**TASK OBJECTIVE:**
Every line in the records below between the one holding "#4803 = CARTESIAN_POINT" and the one holding "#8509 = VECTOR ( 'NONE', #7959, 39.37008 ) ;", inclusive, is to be set down exactly; all other lines are to be left out.

(Records from a collection)
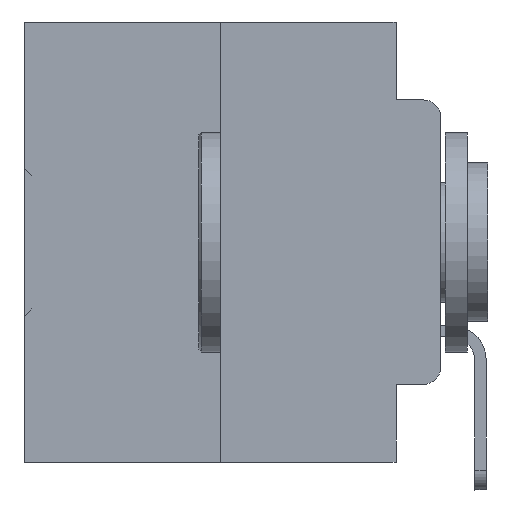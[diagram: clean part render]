
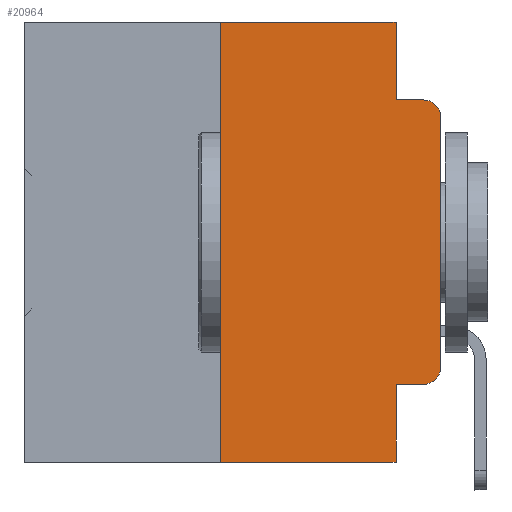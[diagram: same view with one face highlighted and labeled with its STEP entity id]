
A CAD part, left-side view. The second image highlights one B-rep face of the part: STEP entity #20964.
In plain terms, the highlighted planar face has unit normal (-1, 0, 0).
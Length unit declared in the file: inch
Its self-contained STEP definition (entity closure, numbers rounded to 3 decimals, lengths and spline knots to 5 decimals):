
#176 = ORIENTED_EDGE ( 'NONE', *, *, #5846, .F. ) ;
#1202 = EDGE_CURVE ( 'NONE', #36548, #36554, #22641, .T. ) ;
#1440 = AXIS2_PLACEMENT_3D ( 'NONE', #33667, #7846, #19363 ) ;
#2223 = LINE ( 'NONE', #21809, #21432 ) ;
#2709 = ORIENTED_EDGE ( 'NONE', *, *, #18735, .T. ) ;
#2974 = VECTOR ( 'NONE', #26203, 39.37008 ) ;
#2978 = VERTEX_POINT ( 'NONE', #19248 ) ;
#3343 = LINE ( 'NONE', #27091, #21110 ) ;
#3363 = CARTESIAN_POINT ( 'NONE',  ( 0., 0.25, -0.5 ) ) ;
#3659 = CARTESIAN_POINT ( 'NONE',  ( 0., 0.051, -0.0885 ) ) ;
#3667 = ORIENTED_EDGE ( 'NONE', *, *, #31404, .F. ) ;
#4803 = CARTESIAN_POINT ( 'NONE',  ( 0., 0.051, 0. ) ) ;
#5844 = CARTESIAN_POINT ( 'NONE',  ( 0., 0.051, -0.0885 ) ) ;
#5846 = EDGE_CURVE ( 'NONE', #33250, #24409, #23776, .T. ) ;
#6985 = CARTESIAN_POINT ( 'NONE',  ( 0., 0.051, -0.4115 ) ) ;
#7313 = CARTESIAN_POINT ( 'NONE',  ( 0., 0.473, 0. ) ) ;
#7498 = DIRECTION ( 'NONE',  ( 1., 0., 0. ) ) ;
#7694 = FACE_OUTER_BOUND ( 'NONE', #24887, .T. ) ;
#7846 = DIRECTION ( 'NONE',  ( -1., 0., 0. ) ) ;
#7959 = DIRECTION ( 'NONE',  ( 0., -1., 0. ) ) ;
#8509 = VECTOR ( 'NONE', #7959, 39.37008 ) ;
#8673 = DIRECTION ( 'NONE',  ( 0., 0., -1. ) ) ;
#9821 = EDGE_CURVE ( 'NONE', #24409, #2978, #23631, .T. ) ;
#10630 = VECTOR ( 'NONE', #20638, 39.37008 ) ;
#11158 = CARTESIAN_POINT ( 'NONE',  ( 0., 0.051, -0.4115 ) ) ;
#11174 = CARTESIAN_POINT ( 'NONE',  ( 0., 0., -0.1085 ) ) ;
#11213 = EDGE_CURVE ( 'NONE', #2978, #30562, #32360, .T. ) ;
#11335 = ORIENTED_EDGE ( 'NONE', *, *, #25683, .T. ) ;
#11337 = LINE ( 'NONE', #11158, #8509 ) ;
#11995 = DIRECTION ( 'NONE',  ( 0., -1., 0. ) ) ;
#13213 = EDGE_CURVE ( 'NONE', #33250, #28942, #3343, .T. ) ;
#13540 = ORIENTED_EDGE ( 'NONE', *, *, #13213, .T. ) ;
#14335 = CARTESIAN_POINT ( 'NONE',  ( 0., 0.051, 0. ) ) ;
#14345 = ORIENTED_EDGE ( 'NONE', *, *, #11213, .F. ) ;
#14698 = LINE ( 'NONE', #5844, #2974 ) ;
#15797 = DIRECTION ( 'NONE',  ( 0., 0., -1. ) ) ;
#16091 = CARTESIAN_POINT ( 'NONE',  ( 0., 0.02, -0.3915 ) ) ;
#16788 = EDGE_CURVE ( 'NONE', #32910, #36548, #11337, .T. ) ;
#17242 = CARTESIAN_POINT ( 'NONE',  ( 0., 0.051, -0.5 ) ) ;
#17718 = LINE ( 'NONE', #14335, #21566 ) ;
#18735 = EDGE_CURVE ( 'NONE', #35366, #20397, #25494, .T. ) ;
#19214 = VECTOR ( 'NONE', #26805, 39.37008 ) ;
#19248 = CARTESIAN_POINT ( 'NONE',  ( 0., 0.051, 0. ) ) ;
#19363 = DIRECTION ( 'NONE',  ( 0., 0., -1. ) ) ;
#20397 = VERTEX_POINT ( 'NONE', #35280 ) ;
#20638 = DIRECTION ( 'NONE',  ( 0., -1., 0. ) ) ;
#20964 = ADVANCED_FACE ( 'NONE', ( #7694 ), #36319, .F. ) ;
#21110 = VECTOR ( 'NONE', #11995, 39.37008 ) ;
#21235 = AXIS2_PLACEMENT_3D ( 'NONE', #7313, #7498, #15797 ) ;
#21432 = VECTOR ( 'NONE', #22360, 39.37008 ) ;
#21566 = VECTOR ( 'NONE', #8673, 39.37008 ) ;
#21809 = CARTESIAN_POINT ( 'NONE',  ( 0., 0., 0. ) ) ;
#22360 = DIRECTION ( 'NONE',  ( 0., 0., 1. ) ) ;
#22641 = CIRCLE ( 'NONE', #34064, 0.02 ) ;
#23631 = LINE ( 'NONE', #26291, #10630 ) ;
#23776 = LINE ( 'NONE', #24149, #19214 ) ;
#24149 = CARTESIAN_POINT ( 'NONE',  ( 0., 0.25, 0. ) ) ;
#24409 = VERTEX_POINT ( 'NONE', #36943 ) ;
#24887 = EDGE_LOOP ( 'NONE', ( #11335, #2709, #26505, #14345, #29614, #176, #13540, #3667, #33550, #33468 ) ) ;
#25494 = CIRCLE ( 'NONE', #1440, 0.02 ) ;
#25683 = EDGE_CURVE ( 'NONE', #36554, #35366, #2223, .T. ) ;
#26203 = DIRECTION ( 'NONE',  ( 0., -1., 0. ) ) ;
#26291 = CARTESIAN_POINT ( 'NONE',  ( 0., 0.473, 0. ) ) ;
#26505 = ORIENTED_EDGE ( 'NONE', *, *, #35862, .F. ) ;
#26805 = DIRECTION ( 'NONE',  ( 0., 0., 1. ) ) ;
#27091 = CARTESIAN_POINT ( 'NONE',  ( 0., 0.473, -0.5 ) ) ;
#27946 = DIRECTION ( 'NONE',  ( 0., 0., -1. ) ) ;
#28306 = DIRECTION ( 'NONE',  ( -1., 0., 0. ) ) ;
#28942 = VERTEX_POINT ( 'NONE', #17242 ) ;
#29614 = ORIENTED_EDGE ( 'NONE', *, *, #9821, .F. ) ;
#30093 = CARTESIAN_POINT ( 'NONE',  ( 0., 0.02, -0.4115 ) ) ;
#30562 = VERTEX_POINT ( 'NONE', #3659 ) ;
#31404 = EDGE_CURVE ( 'NONE', #32910, #28942, #17718, .T. ) ;
#32360 = LINE ( 'NONE', #4803, #35760 ) ;
#32910 = VERTEX_POINT ( 'NONE', #6985 ) ;
#33243 = DIRECTION ( 'NONE',  ( 0., 0., -1. ) ) ;
#33250 = VERTEX_POINT ( 'NONE', #3363 ) ;
#33468 = ORIENTED_EDGE ( 'NONE', *, *, #1202, .T. ) ;
#33550 = ORIENTED_EDGE ( 'NONE', *, *, #16788, .T. ) ;
#33667 = CARTESIAN_POINT ( 'NONE',  ( 0., 0.02, -0.1085 ) ) ;
#34064 = AXIS2_PLACEMENT_3D ( 'NONE', #16091, #28306, #27946 ) ;
#35280 = CARTESIAN_POINT ( 'NONE',  ( 0., 0.02, -0.0885 ) ) ;
#35366 = VERTEX_POINT ( 'NONE', #11174 ) ;
#35721 = CARTESIAN_POINT ( 'NONE',  ( 0., 0., -0.3915 ) ) ;
#35760 = VECTOR ( 'NONE', #33243, 39.37008 ) ;
#35862 = EDGE_CURVE ( 'NONE', #30562, #20397, #14698, .T. ) ;
#36319 = PLANE ( 'NONE',  #21235 ) ;
#36548 = VERTEX_POINT ( 'NONE', #30093 ) ;
#36554 = VERTEX_POINT ( 'NONE', #35721 ) ;
#36943 = CARTESIAN_POINT ( 'NONE',  ( 0., 0.25, 0. ) ) ;

**RESULT:**
#4803 = CARTESIAN_POINT ( 'NONE',  ( 0., 0.051, 0. ) ) ;
#5844 = CARTESIAN_POINT ( 'NONE',  ( 0., 0.051, -0.0885 ) ) ;
#5846 = EDGE_CURVE ( 'NONE', #33250, #24409, #23776, .T. ) ;
#6985 = CARTESIAN_POINT ( 'NONE',  ( 0., 0.051, -0.4115 ) ) ;
#7313 = CARTESIAN_POINT ( 'NONE',  ( 0., 0.473, 0. ) ) ;
#7498 = DIRECTION ( 'NONE',  ( 1., 0., 0. ) ) ;
#7694 = FACE_OUTER_BOUND ( 'NONE', #24887, .T. ) ;
#7846 = DIRECTION ( 'NONE',  ( -1., 0., 0. ) ) ;
#7959 = DIRECTION ( 'NONE',  ( 0., -1., 0. ) ) ;
#8509 = VECTOR ( 'NONE', #7959, 39.37008 ) ;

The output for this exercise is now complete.